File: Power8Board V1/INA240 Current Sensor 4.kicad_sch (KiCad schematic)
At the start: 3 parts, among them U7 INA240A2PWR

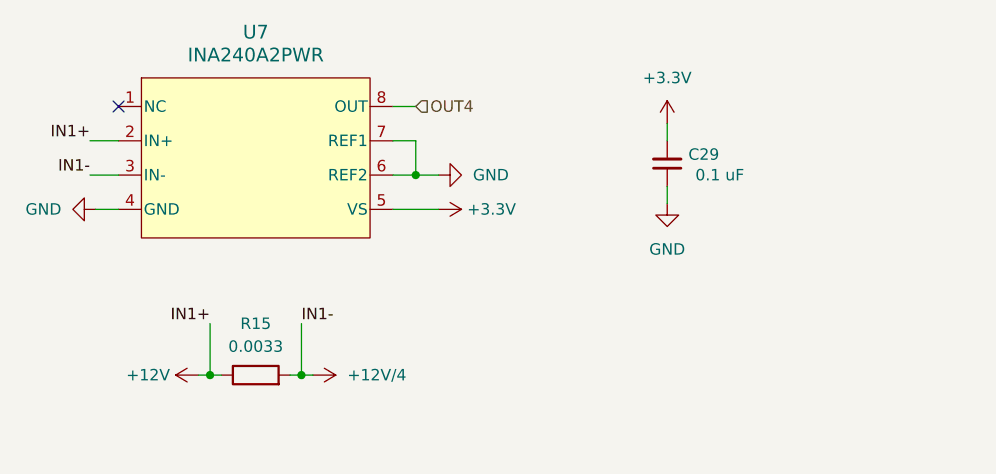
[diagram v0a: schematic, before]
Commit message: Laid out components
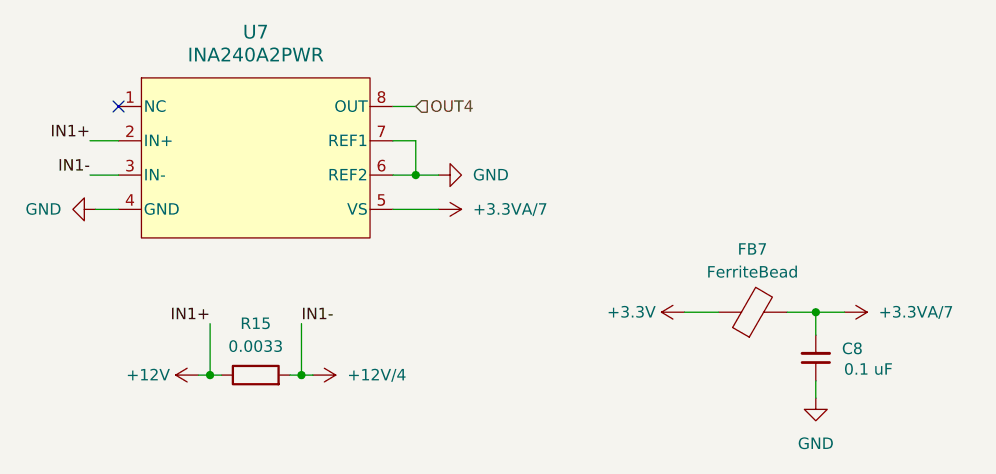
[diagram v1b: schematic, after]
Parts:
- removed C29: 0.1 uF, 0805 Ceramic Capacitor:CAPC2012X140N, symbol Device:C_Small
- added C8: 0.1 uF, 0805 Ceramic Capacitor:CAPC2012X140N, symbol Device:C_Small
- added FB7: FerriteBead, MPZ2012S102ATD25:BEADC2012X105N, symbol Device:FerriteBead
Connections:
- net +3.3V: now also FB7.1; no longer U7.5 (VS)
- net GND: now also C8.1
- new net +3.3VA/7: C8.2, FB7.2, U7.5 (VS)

## TASK BRIEF
Once the line containing "[diagram v1b: schematic, after]" is found in the listing above, set down that line and every line after it, exactly.

## RESPONSE AREA
[diagram v1b: schematic, after]
Parts:
- removed C29: 0.1 uF, 0805 Ceramic Capacitor:CAPC2012X140N, symbol Device:C_Small
- added C8: 0.1 uF, 0805 Ceramic Capacitor:CAPC2012X140N, symbol Device:C_Small
- added FB7: FerriteBead, MPZ2012S102ATD25:BEADC2012X105N, symbol Device:FerriteBead
Connections:
- net +3.3V: now also FB7.1; no longer U7.5 (VS)
- net GND: now also C8.1
- new net +3.3VA/7: C8.2, FB7.2, U7.5 (VS)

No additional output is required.